Medigap premiums are usually adjusted by roughly 3% for each year of age. A 65-year-old living in St. Louis, for instance, will pay almost $1,900 a year for a Medigap Plan F sold by Mutual of Omaha, while an 80-year-old will pay $2,640 annually, a difference of 2.6 % for each year of age. And in Baltimore, a 65-year-old who buys a Plan F sold by Aetna will pay $2,210 annually in premiums, while an 80-year-old will pay $3,610, a difference of 4.2% for each year of age.

In addition to adjusting premiums for age, insurers who sell Medigap policies add another 3% or so for healthcare inflation.For planning purposes, then, Medigap premiums increase by about 6% annually.
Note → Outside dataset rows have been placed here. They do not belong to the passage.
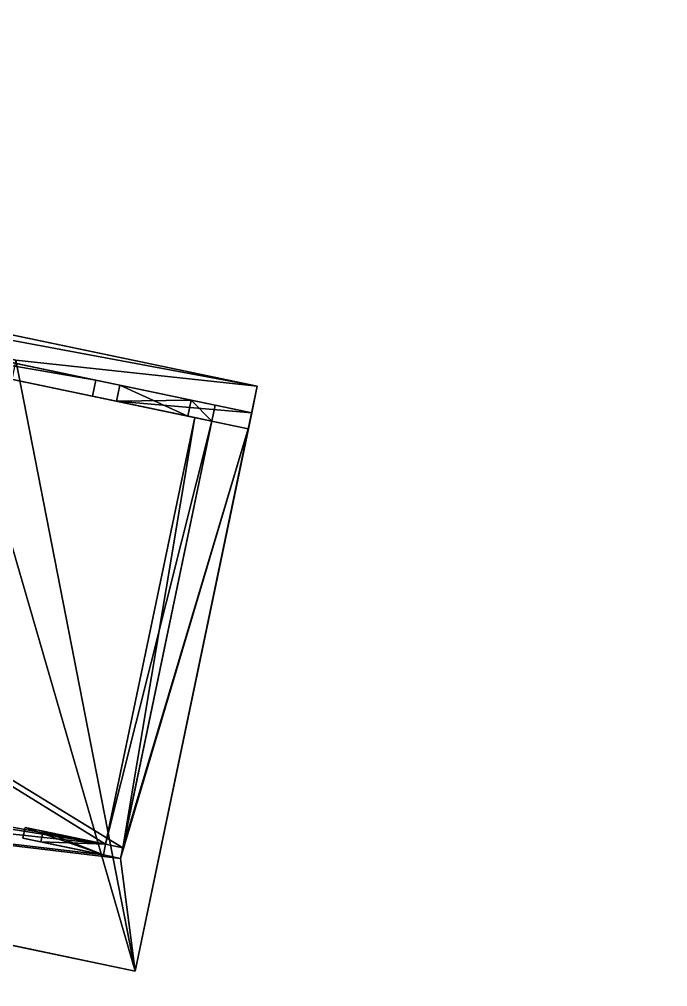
# Model space of a CAD drawing. Extents: x -1551 to 3643, y -2128 to 2177.
# Drawn here: x 2208 to 2344.3, y -307.8 to -104.7 of the extents above; entities that cross this region are included whole.
import ezdxf

# ---------------------------------------------------------------- set-up
doc = ezdxf.new("R2010")
doc.units = 0
doc.header["$MEASUREMENT"] = 0
doc.layers.get('0').update_dxf_attribs({"color": 13, "linetype": 'CONTINUOUS'})

# ---------------------------------------------------------------- blocks, each defined once
blk = doc.blocks.new('FRUIT_STAND_DWG')
at = {"color": 43}
for p, q in [((0, 125.5, 76.19), (264.04, 125.5, 76.19)), ((0, 9.13, 95.71), (0, 125.5, 76.19)), ((0, 125.5, 79.35), (0, 0, 100.41)), ((264.04, 125.5, 79.35), (0, 125.5, 79.35)), ((264.04, 125.5, 79.35), (0, 125.5, 79.35)), ((0, 125.5, 76.19), (264.04, 125.5, 76.19)), ((0, 125.5, 76.19), (0, 125.5, 79.35)), ((0, 125.5, 76.19), (0, 125.5, 79.35)), ((0, 9.13, 95.71), (0, 125.5, 76.19)), ((0, 125.5, 79.35), (0, 0, 100.41)), ((11.52, 102.98, 79.97), (7.83, 102.98, 79.97)), ((7.83, 102.98, 79.97), (7.83, 100.7, 80.35)), ((7.83, 102.98, 79.97), (7.83, 102.98)), ((7.83, 102.98), (7.83, 5.69)), ((7.83, 102.98, 79.97), (7.83, 100.7, 80.35)), ((7.83, 102.98, 79.97), (7.83, 102.98)), ((11.52, 102.98, 79.97), (7.83, 102.98, 79.97)), ((28.82, 102.98), (7.83, 102.98)), ((11.52, 100.7, 80.35), (11.52, 102.98, 79.97)), ((11.52, 102.98, 79.97), (11.52, 102.98, 49.37)), ((11.52, 102.98, 49.37), (28.82, 102.98, 49.37)), ((24.92, 102.98, 45.39), (11.52, 102.98, 45.39)), ((11.52, 102.98, 45.39), (11.52, 102.98, 24.76)), ((11.52, 102.98, 20.78), (11.52, 102.98, 3.98)), ((11.52, 102.98, 24.76), (24.92, 102.98, 24.76)), ((24.92, 102.98, 20.78), (11.52, 102.98, 20.78)), ((11.52, 102.98, 3.98), (24.92, 102.98, 3.98)), ((11.52, 102.98, 79.97), (11.52, 102.98, 49.37)), ((11.52, 100.7, 80.35), (11.52, 102.98, 79.97)), ((11.52, 100.7, 49.37), (11.52, 102.98, 49.37)), ((11.52, 102.98, 45.39), (11.52, 102.98, 24.76)), ((11.52, 102.98, 45.39), (11.52, 100.7, 45.39)), ((11.52, 100.7, 24.76), (11.52, 102.98, 24.76)), ((11.52, 102.98, 49.37), (28.82, 102.98, 49.37)), ((11.52, 100.7, 49.37), (11.52, 102.98, 49.37)), ((11.52, 102.98, 20.78), (11.52, 102.98, 3.98)), ((11.52, 102.98, 20.78), (11.52, 100.7, 20.78)), ((11.52, 100.7, 3.98), (11.52, 102.98, 3.98)), ((11.52, 102.98, 45.39), (11.52, 100.7, 45.39)), ((24.92, 102.98, 45.39), (11.52, 102.98, 45.39)), ((11.52, 102.98, 20.78), (11.52, 100.7, 20.78)), ((24.92, 102.98, 20.78), (11.52, 102.98, 20.78)), ((11.52, 102.98, 24.76), (24.92, 102.98, 24.76)), ((11.52, 100.7, 24.76), (11.52, 102.98, 24.76)), ((11.52, 102.98, 3.98), (24.92, 102.98, 3.98)), ((11.52, 100.7, 3.98), (11.52, 102.98, 3.98)), ((24.92, 102.98, 3.98), (24.92, 102.98, 20.78)), ((24.92, 102.98, 24.76), (24.92, 102.98, 45.39)), ((24.92, 102.98, 24.76), (24.92, 102.98, 45.39)), ((24.92, 102.98, 24.76), (24.92, 100.7, 24.76)), ((24.92, 100.7, 45.39), (24.92, 102.98, 45.39)), ((24.92, 102.98, 3.98), (24.92, 102.98, 20.78)), ((24.92, 102.98, 3.98), (24.92, 100.7, 3.98)), ((24.92, 100.7, 20.78), (24.92, 102.98, 20.78)), ((24.92, 100.7, 45.39), (24.92, 102.98, 45.39)), ((24.92, 100.7, 20.78), (24.92, 102.98, 20.78)), ((24.92, 102.98, 24.76), (24.92, 100.7, 24.76)), ((24.92, 102.98, 3.98), (24.92, 100.7, 3.98)), ((28.82, 102.98, 49.37), (28.82, 102.98)), ((28.82, 102.98, 49.37), (28.82, 102.98)), ((28.82, 102.98, 49.37), (28.82, 100.7, 49.37)), ((28.82, 100.7), (28.82, 102.98)), ((28.82, 102.98, 49.37), (28.82, 100.7, 49.37)), ((7.83, 100.7, 80.35), (11.52, 100.7, 80.35)), ((7.83, 9.13, 3.98), (7.83, 100.7, 3.98)), ((7.83, 100.7, 3.98), (7.83, 100.7, 20.78)), ((7.83, 100.7, 20.78), (7.83, 9.13, 20.78)), ((7.83, 9.13, 24.76), (7.83, 100.7, 24.76)), ((7.83, 100.7, 24.76), (7.83, 100.7, 45.39)), ((7.83, 100.7, 45.39), (7.83, 9.13, 45.39)), ((7.83, 9.13, 49.37), (7.83, 100.7, 49.37)), ((7.83, 100.7, 49.37), (7.83, 100.7, 80.35)), ((7.83, 100.7, 45.39), (7.83, 9.13, 45.39)), ((7.83, 100.7, 45.39), (11.52, 100.7, 45.39)), ((11.52, 100.7, 24.76), (7.83, 100.7, 24.76)), ((7.83, 9.13, 24.76), (7.83, 100.7, 24.76)), ((11.52, 100.7, 3.98), (7.83, 100.7, 3.98)), ((7.83, 9.13, 3.98), (7.83, 100.7, 3.98)), ((7.83, 100.7, 20.78), (7.83, 9.13, 20.78)), ((7.83, 100.7, 20.78), (11.52, 100.7, 20.78)), ((11.52, 100.7, 49.37), (7.83, 100.7, 49.37)), ((7.83, 9.13, 49.37), (7.83, 100.7, 49.37)), ((7.83, 100.7, 80.35), (11.52, 100.7, 80.35)), ((7.83, 100.7, 49.37), (7.83, 100.7, 80.35)), ((11.52, 100.7, 49.37), (7.83, 100.7, 49.37)), ((7.83, 100.7, 45.39), (11.52, 100.7, 45.39)), ((7.83, 100.7, 24.76), (7.83, 100.7, 45.39)), ((11.52, 100.7, 24.76), (7.83, 100.7, 24.76)), ((7.83, 100.7, 20.78), (11.52, 100.7, 20.78)), ((7.83, 100.7, 3.98), (7.83, 100.7, 20.78)), ((11.52, 100.7, 3.98), (7.83, 100.7, 3.98)), ((11.52, 100.7, 45.39), (11.52, 100.7, 49.37)), ((11.52, 100.7, 49.37), (11.52, 9.13, 49.37)), ((11.52, 9.13, 45.39), (11.52, 100.7, 45.39)), ((11.52, 100.7, 20.78), (11.52, 100.7, 24.76)), ((11.52, 100.7, 24.76), (11.52, 9.13, 24.76)), ((11.52, 9.13, 20.78), (11.52, 100.7, 20.78)), ((11.52, 100.7), (11.52, 100.7, 3.98)), ((11.52, 100.7, 3.98), (11.52, 9.13, 3.98)), ((11.52, 9.13), (11.52, 100.7)), ((28.82, 100.7, 49.37), (11.52, 100.7, 49.37)), ((11.52, 100.7, 45.39), (11.52, 100.7, 49.37)), ((11.52, 100.7, 45.39), (24.92, 100.7, 45.39)), ((24.92, 100.7, 24.76), (11.52, 100.7, 24.76)), ((11.52, 100.7, 20.78), (11.52, 100.7, 24.76)), ((11.52, 100.7, 20.78), (24.92, 100.7, 20.78)), ((24.92, 100.7, 3.98), (11.52, 100.7, 3.98)), ((11.52, 100.7), (11.52, 100.7, 3.98)), ((11.52, 100.7), (28.82, 100.7)), ((11.52, 9.13, 45.39), (11.52, 100.7, 45.39)), ((11.52, 100.7, 24.76), (11.52, 9.13, 24.76)), ((11.52, 100.7, 3.98), (11.52, 9.13, 3.98)), ((11.52, 9.13, 20.78), (11.52, 100.7, 20.78)), ((11.52, 100.7, 49.37), (11.52, 9.13, 49.37)), ((11.52, 100.7, 49.37), (11.52, 100.7, 80.35)), ((11.52, 100.7, 24.76), (11.52, 100.7, 45.39)), ((11.52, 100.7, 49.37), (11.52, 100.7, 80.35)), ((11.52, 100.7, 3.98), (11.52, 100.7, 20.78)), ((11.52, 100.7, 24.76), (11.52, 100.7, 45.39)), ((28.82, 100.7, 49.37), (11.52, 100.7, 49.37)), ((11.52, 100.7, 3.98), (11.52, 100.7, 20.78)), ((11.52, 100.7, 45.39), (24.92, 100.7, 45.39)), ((11.52, 100.7, 20.78), (24.92, 100.7, 20.78)), ((24.92, 100.7, 24.76), (11.52, 100.7, 24.76)), ((24.92, 100.7, 3.98), (11.52, 100.7, 3.98)), ((24.92, 100.7, 45.39), (24.92, 100.7, 24.76)), ((24.92, 100.7, 20.78), (24.92, 100.7, 3.98)), ((24.92, 100.7, 45.39), (24.92, 100.7, 24.76)), ((24.92, 100.7, 20.78), (24.92, 100.7, 3.98)), ((28.82, 100.7), (28.82, 100.7, 49.37)), ((28.82, 100.7), (28.82, 100.7, 49.37)), ((264.04, 9.13, 95.71), (0, 9.13, 95.71)), ((28.3, 9.13, 91.36), (0, 9.13, 91.36)), ((0, 9.13, 91.36), (0, 9.13, 95.71)), ((264.04, 9.13, 95.71), (0, 9.13, 95.71)), ((0, 9.13, 95.71), (0, 5.69, 96.29)), ((0, 5.69, 91.36), (0, 9.13, 91.36)), ((28.3, 9.13, 91.36), (0, 9.13, 91.36)), ((0, 9.13, 91.36), (0, 9.13, 95.71)), ((0, 5.69, 91.36), (0, 9.13, 91.36)), ((0, 9.13, 95.71), (0, 5.69, 96.29)), ((11.52, 9.13, 3.98), (7.83, 9.13, 3.98)), ((7.83, 9.13, 3.98), (7.83, 9.13, 20.78)), ((11.52, 9.13, 24.76), (7.83, 9.13, 24.76)), ((7.83, 9.13, 24.76), (7.83, 9.13, 45.39)), ((7.83, 9.13, 62.62), (12.97, 9.13, 62.62)), ((11.52, 9.13, 49.37), (7.83, 9.13, 49.37)), ((7.83, 9.13, 49.37), (7.83, 9.13, 62.62)), ((7.83, 5.69, 62.62), (7.83, 9.13, 62.62)), ((7.83, 9.13, 45.39), (11.52, 9.13, 45.39)), ((11.52, 9.13, 24.76), (7.83, 9.13, 24.76)), ((11.52, 9.13, 3.98), (7.83, 9.13, 3.98)), ((7.83, 9.13, 20.78), (11.52, 9.13, 20.78)), ((11.52, 9.13, 49.37), (7.83, 9.13, 49.37)), ((7.83, 9.13, 62.62), (12.97, 9.13, 62.62)), ((7.83, 5.69, 62.62), (7.83, 9.13, 62.62)), ((11.52, 9.13, 20.78), (11.52, 9.13, 24.76)), ((11.52, 9.13, 45.39), (11.52, 9.13, 49.37)), ((33.44, 9.13), (11.52, 9.13)), ((11.52, 9.13), (11.52, 9.13, 3.98)), ((11.52, 9.13, 45.39), (11.52, 9.13, 49.37)), ((11.52, 9.13, 20.78), (11.52, 9.13, 24.76)), ((11.52, 9.13), (11.52, 9.13, 3.98)), ((12.97, 9.13, 20.78), (12.97, 9.13, 3.98)), ((28.3, 9.13, 45.39), (12.97, 9.13, 45.39)), ((28.3, 9.13, 20.78), (12.97, 9.13, 20.78)), ((12.97, 9.13, 45.39), (12.97, 9.13, 24.76)), ((12.97, 9.13, 62.62), (12.97, 9.13, 49.37)), ((12.97, 9.13, 45.39), (12.97, 9.13, 24.76)), ((12.97, 9.13, 45.39), (12.97, 5.69, 45.39)), ((12.97, 5.69, 24.76), (12.97, 9.13, 24.76)), ((12.97, 9.13, 20.78), (12.97, 9.13, 3.98)), ((12.97, 9.13, 20.78), (12.97, 5.69, 20.78)), ((12.97, 5.69, 3.98), (12.97, 9.13, 3.98)), ((12.97, 9.13, 20.78), (12.97, 5.69, 20.78)), ((28.3, 9.13, 20.78), (12.97, 9.13, 20.78)), ((12.97, 9.13, 24.76), (28.3, 9.13, 24.76)), ((12.97, 5.69, 24.76), (12.97, 9.13, 24.76)), ((12.97, 9.13, 49.37), (28.3, 9.13, 49.37)), ((12.97, 9.13, 49.37), (12.97, 5.69, 49.37)), ((12.97, 9.13, 45.39), (12.97, 5.69, 45.39)), ((28.3, 9.13, 45.39), (12.97, 9.13, 45.39)), ((12.97, 9.13, 3.98), (28.3, 9.13, 3.98)), ((12.97, 5.69, 3.98), (12.97, 9.13, 3.98)), ((12.97, 9.13, 62.62), (12.97, 9.13, 49.37)), ((12.97, 9.13, 62.62), (12.97, 5.69, 62.62)), ((12.97, 9.13, 49.37), (12.97, 5.69, 49.37)), ((12.97, 9.13, 62.62), (12.97, 5.69, 62.62)), ((28.3, 9.13, 24.76), (28.3, 9.13, 45.39)), ((28.3, 9.13, 49.37), (28.3, 9.13, 91.36)), ((28.3, 9.13, 3.98), (28.3, 9.13, 20.78)), ((28.3, 9.13, 49.37), (28.3, 9.13, 91.36)), ((28.3, 9.13, 49.37), (28.3, 5.69, 49.37)), ((28.3, 5.69, 91.36), (28.3, 9.13, 91.36)), ((28.3, 5.69, 91.36), (28.3, 9.13, 91.36)), ((28.3, 9.13, 24.76), (28.3, 9.13, 45.39)), ((28.3, 9.13, 24.76), (28.3, 5.69, 24.76)), ((28.3, 5.69, 45.39), (28.3, 9.13, 45.39)), ((28.3, 9.13, 3.98), (28.3, 9.13, 20.78)), ((28.3, 9.13, 3.98), (28.3, 5.69, 3.98)), ((28.3, 5.69, 20.78), (28.3, 9.13, 20.78)), ((28.3, 5.69, 20.78), (28.3, 9.13, 20.78)), ((28.3, 9.13, 24.76), (28.3, 5.69, 24.76)), ((28.3, 9.13, 49.37), (28.3, 5.69, 49.37)), ((28.3, 5.69, 45.39), (28.3, 9.13, 45.39)), ((28.3, 9.13, 3.98), (28.3, 5.69, 3.98)), ((130.29, 9.13, 91.36), (33.44, 9.13, 91.36)), ((33.44, 9.13, 91.36), (33.44, 9.13)), ((33.44, 5.69, 91.36), (33.44, 9.13, 91.36)), ((130.29, 9.13, 91.36), (33.44, 9.13, 91.36)), ((33.44, 9.13, 91.36), (33.44, 9.13)), ((33.44, 5.69, 91.36), (33.44, 9.13, 91.36)), ((33.44, 5.69), (33.44, 9.13)), ((264.04, 5.69, 96.29), (0, 5.69, 96.29)), ((0, 5.69, 96.29), (0, 5.69, 91.36)), ((0, 5.69, 91.36), (28.3, 5.69, 91.36)), ((0, 0, 97.24), (0, 5.69, 96.29)), ((264.04, 5.69, 96.29), (0, 5.69, 96.29)), ((0, 0, 97.24), (0, 5.69, 96.29)), ((0, 5.69, 91.36), (28.3, 5.69, 91.36)), ((0, 5.69, 96.29), (0, 5.69, 91.36)), ((12.97, 5.69, 62.62), (7.83, 5.69, 62.62)), ((7.83, 5.69, 62.62), (7.83, 5.69)), ((7.83, 5.69), (33.44, 5.69)), ((7.83, 5.69, 62.62), (7.83, 5.69)), ((12.97, 5.69, 62.62), (7.83, 5.69, 62.62)), ((28.3, 5.69, 49.37), (12.97, 5.69, 49.37)), ((12.97, 5.69, 49.37), (12.97, 5.69, 62.62)), ((28.3, 5.69, 3.98), (12.97, 5.69, 3.98)), ((12.97, 5.69, 3.98), (12.97, 5.69, 20.78)), ((12.97, 5.69, 20.78), (28.3, 5.69, 20.78)), ((28.3, 5.69, 24.76), (12.97, 5.69, 24.76)), ((12.97, 5.69, 24.76), (12.97, 5.69, 45.39)), ((12.97, 5.69, 45.39), (28.3, 5.69, 45.39)), ((12.97, 5.69, 24.76), (12.97, 5.69, 45.39)), ((12.97, 5.69, 3.98), (12.97, 5.69, 20.78)), ((12.97, 5.69, 20.78), (28.3, 5.69, 20.78)), ((28.3, 5.69, 24.76), (12.97, 5.69, 24.76)), ((28.3, 5.69, 49.37), (12.97, 5.69, 49.37)), ((12.97, 5.69, 45.39), (28.3, 5.69, 45.39)), ((28.3, 5.69, 3.98), (12.97, 5.69, 3.98)), ((12.97, 5.69, 49.37), (12.97, 5.69, 62.62)), ((28.3, 5.69, 91.36), (28.3, 5.69, 49.37)), ((28.3, 5.69, 45.39), (28.3, 5.69, 24.76)), ((28.3, 5.69, 20.78), (28.3, 5.69, 3.98)), ((28.3, 5.69, 91.36), (28.3, 5.69, 49.37)), ((28.3, 5.69, 45.39), (28.3, 5.69, 24.76)), ((28.3, 5.69, 20.78), (28.3, 5.69, 3.98)), ((33.44, 5.69, 91.36), (130.29, 5.69, 91.36)), ((33.44, 5.69), (33.44, 5.69, 91.36)), ((33.44, 5.69, 91.36), (130.29, 5.69, 91.36)), ((33.44, 5.69), (33.44, 5.69, 91.36)), ((0, 0, 100.41), (264.04, 0, 100.41)), ((264.04, 0, 97.24), (0, 0, 97.24)), ((0, 0, 100.41), (264.04, 0, 100.41)), ((0, 0, 100.41), (0, 0, 97.24)), ((264.04, 0, 97.24), (0, 0, 97.24)), ((0, 0, 100.41), (0, 0, 97.24))]:
    blk.add_line(p, q, dxfattribs=at)
at = {"color": 9}
mesh = blk.add_polyface(dxfattribs=at)
corners = [(0, 125.5, 76.19), (7.83, 102.98, 79.97), (0, 9.13, 95.71), (264.04, 125.5, 76.19), (11.52, 102.98, 79.97), (11.52, 100.7, 80.35), (135.6, 106.69, 79.34), (139.28, 106.69, 79.34), (139.28, 103.93, 79.81), (231.19, 106.69, 79.34), (234.87, 106.69, 79.34), (234.87, 103.93, 79.81), (264.04, 9.13, 95.71), (231.19, 103.93, 79.81), (135.6, 103.93, 79.81), (7.83, 100.7, 80.35)]
mesh.append_faces([[corners[k] for k in face] for face in [(11, 12, 13)]], dxfattribs={"vtx0": -1, "color": 9})
mesh.append_faces([[corners[k] for k in face] for face in [(0, 1, 2), (1, 3, 4), (4, 3, 5), (6, 3, 7), (7, 3, 8), (8, 3, 9), (9, 3, 10), (10, 3, 11), (12, 11, 3)]], dxfattribs={"vtx0": -1, "vtx1": -1, "color": 9})
mesh.append_faces([[corners[k] for k in face] for face in [(5, 3, 6)]], dxfattribs={"vtx0": -1, "vtx1": -1, "vtx2": -1, "color": 9})
mesh.append_faces([[corners[k] for k in face] for face in [(1, 0, 3)]], dxfattribs={"vtx0": -1, "vtx2": -1, "color": 9})
mesh.append_faces([[corners[k] for k in face] for face in [(14, 5, 6), (15, 2, 1)]], dxfattribs={"vtx1": -1, "color": 9})
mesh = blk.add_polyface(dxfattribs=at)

United Healthcare, which sells the most Medigap policies, says that over the past several years, its premiums have grown by almost 6% annually.

Partly because it is age-adjusted and partly because it is the only type of supplemental coverage that receives no government or employer subsidies, a Medigap policy is the most expensive type of supplemental coverage for older people. Those in early retirement should understand how much this coverage will likely cost if they live to ripe old ages, so that they are not forced to abandon it later.

Medicare Advantage plans, on the other hand, are the least expensive choices for people who don’t have employer supplements. Unlike Medigap policies, Advantage plans do not adjust premiums for age. Thus an 85-year-old retiree will have the same premiums, deductibles, and co-pays as a 65-year-old. Although older retirees in Advantage plans may not realize it, the government subsidizes them, since the monthly rates it pays to the plans are age-adjusted.

Employer retiree plans are group coverage, and so they have uniform premiums that are not adjusted for someone’s age. This means that employer plan premiums are often higher than they would otherwise be for younger retirees and lower for older ones. Besides benefiting from the employer subsidy, younger retirees in these plans have the knowledge that one day when they are in the 80s, they will have the best of both worlds. They will then have a subsidy from the employer as well as one from younger retirees who are paying their age adjustments.